About this exercise
Go through the data and copy each line that holds "extrude".

Dataset excerpts
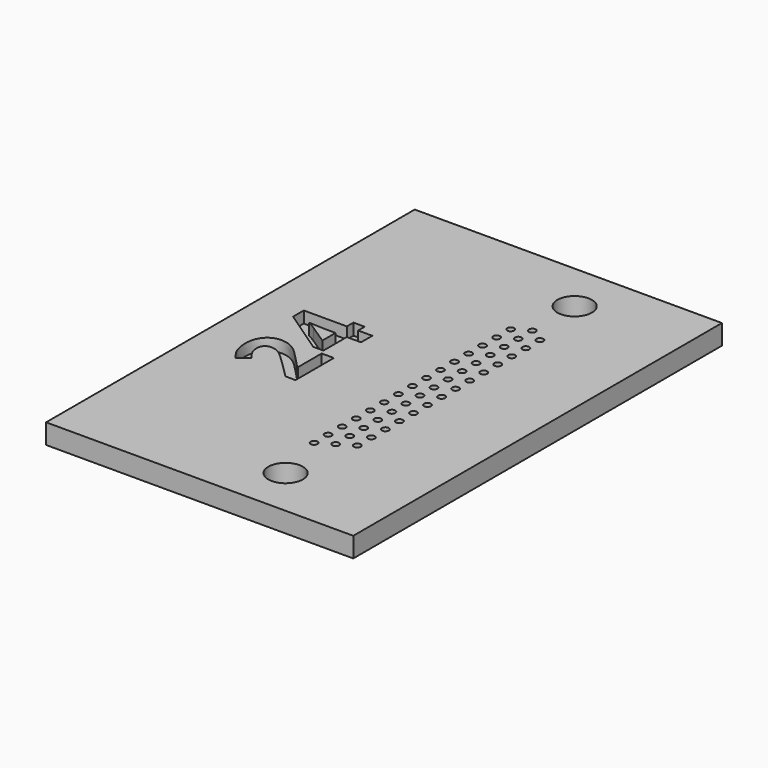
from build123d import *

# Parameters (mm, degrees)
F0_W         = 40
F0_H         = 60
F1_DEPTH     = 2.6
F2_TEXT_SIZE = 12.5
F3_DEPTH     = 1.5
F4_R         = 0.45
F4_R_2       = 2.25
F5_DEPTH     = 2.6


# Not quite as in the source:
# - Text() gives the source's letters only with a copy of the font that has no kerning and outlines rounded to 1/6400 em; it was checked with that copy


with BuildPart() as f1:
    # F0 (on Top) → F1 (new body)
    with BuildSketch(Plane.XY):
        with Locations((-23.1587231159, 8.3350909071)):
            Rectangle(F0_W, F0_H)
    extrude(amount=F1_DEPTH)

    # F2 (on face) → F3 (cut)
    with BuildSketch(Plane.XY.offset(2.6)):
        with Locations(Location((-29.1587231159, 0.9350909071), (0, 0, 90))):
            Text('24', F2_TEXT_SIZE, font='Open Sans', font_style=FontStyle.BOLD, text_align=(TextAlign.LEFT, TextAlign.BOTTOM))
    extrude(amount=-F3_DEPTH, mode=Mode.SUBTRACT)

    # F4 (on face) → F5 (cut, through all)
    with BuildSketch(Plane.XY.offset(2.6)):
        with Locations((-19.0587231159, 14.6900909071)):
            Circle(F4_R)
        with Locations((-19.0587231159, 16.9760909071)):
            Circle(F4_R)
        with Locations((-19.0587231159, 19.2620909071)):
            Circle(F4_R)
        with Locations((-19.0587231159, 21.5480909071)):
            Circle(F4_R)
        with Locations((-19.0587231159, 23.8340909071)):
            Circle(F4_R)
        with Locations((-17.1587231159, 15.8330909071)):
            Circle(F4_R)
        with Locations((-17.1587231159, 18.1190909071)):
            Circle(F4_R)
        with Locations((-17.1587231159, 20.4050909071)):
            Circle(F4_R)
        with Locations((-17.1587231159, 22.6910909071)):
            Circle(F4_R)
        with Locations((-17.1587231159, 24.9770909071)):
            Circle(F4_R)
        with Locations((-15.2587231159, 14.6900909071)):
            Circle(F4_R)
        with Locations((-15.2587231159, 16.9760909071)):
            Circle(F4_R)
        with Locations((-15.2587231159, 19.2620909071)):
            Circle(F4_R)
        with Locations((-15.2587231159, 21.5480909071)):
            Circle(F4_R)
        with Locations((-15.2587231159, 23.8340909071)):
            Circle(F4_R)
        with Locations((-19.0587231159, 3.2600909071)):
            Circle(F4_R)
        with Locations((-19.0587231159, 5.5460909071)):
            Circle(F4_R)
        with Locations((-19.0587231159, 7.8320909071)):
            Circle(F4_R)
        with Locations((-19.0587231159, 10.1180909071)):
            Circle(F4_R)
        with Locations((-19.0587231159, 12.4040909071)):
            Circle(F4_R)
        with Locations((-17.1587231159, 4.4030909071)):
            Circle(F4_R)
        with Locations((-17.1587231159, 6.6890909071)):
            Circle(F4_R)
        with Locations((-17.1587231159, 8.9750909071)):
            Circle(F4_R)
        with Locations((-17.1587231159, 11.2610909071)):
            Circle(F4_R)
        with Locations((-17.1587231159, 13.5470909071)):
            Circle(F4_R)
        with Locations((-15.2587231159, 3.2600909071)):
            Circle(F4_R)
        with Locations((-15.2587231159, 5.5460909071)):
            Circle(F4_R)
        with Locations((-15.2587231159, 7.8320909071)):
            Circle(F4_R)
        with Locations((-15.2587231159, 10.1180909071)):
            Circle(F4_R)
        with Locations((-15.2587231159, 12.4040909071)):
            Circle(F4_R)
        with Locations((-19.0587231159, -8.1699090929)):
            Circle(F4_R)
        with Locations((-19.0587231159, -5.8839090929)):
            Circle(F4_R)
        with Locations((-19.0587231159, -3.5979090929)):
            Circle(F4_R)
        with Locations((-19.0587231159, -1.3119090929)):
            Circle(F4_R)
        with Locations((-19.0587231159, 0.9740909071)):
            Circle(F4_R)
        with Locations((-17.1587231159, -7.0269090929)):
            Circle(F4_R)
        with Locations((-17.1587231159, -4.7409090929)):
            Circle(F4_R)
        with Locations((-17.1587231159, -2.4549090929)):
            Circle(F4_R)
        with Locations((-17.1587231159, -0.1689090929)):
            Circle(F4_R)
        with Locations((-17.1587231159, 2.1170909071)):
            Circle(F4_R)
        with Locations((-15.2587231159, -5.8839090929)):
            Circle(F4_R)
        with Locations((-15.2587231159, -3.5979090929)):
            Circle(F4_R)
        with Locations((-15.2587231159, -1.3119090929)):
            Circle(F4_R)
        with Locations((-15.2587231159, 0.9740909071)):
            Circle(F4_R)
        with Locations((-17.1587231159, 31.8600909071)):
            Circle(F4_R_2)
        with Locations((-17.1587231159, -15.1799090929)):
            Circle(F4_R_2)
    extrude(amount=-F5_DEPTH, mode=Mode.SUBTRACT)


solid = f1.part

Solution to this problem
    extrude(amount=F1_DEPTH)
    extrude(amount=-F3_DEPTH, mode=Mode.SUBTRACT)
    extrude(amount=-F5_DEPTH, mode=Mode.SUBTRACT)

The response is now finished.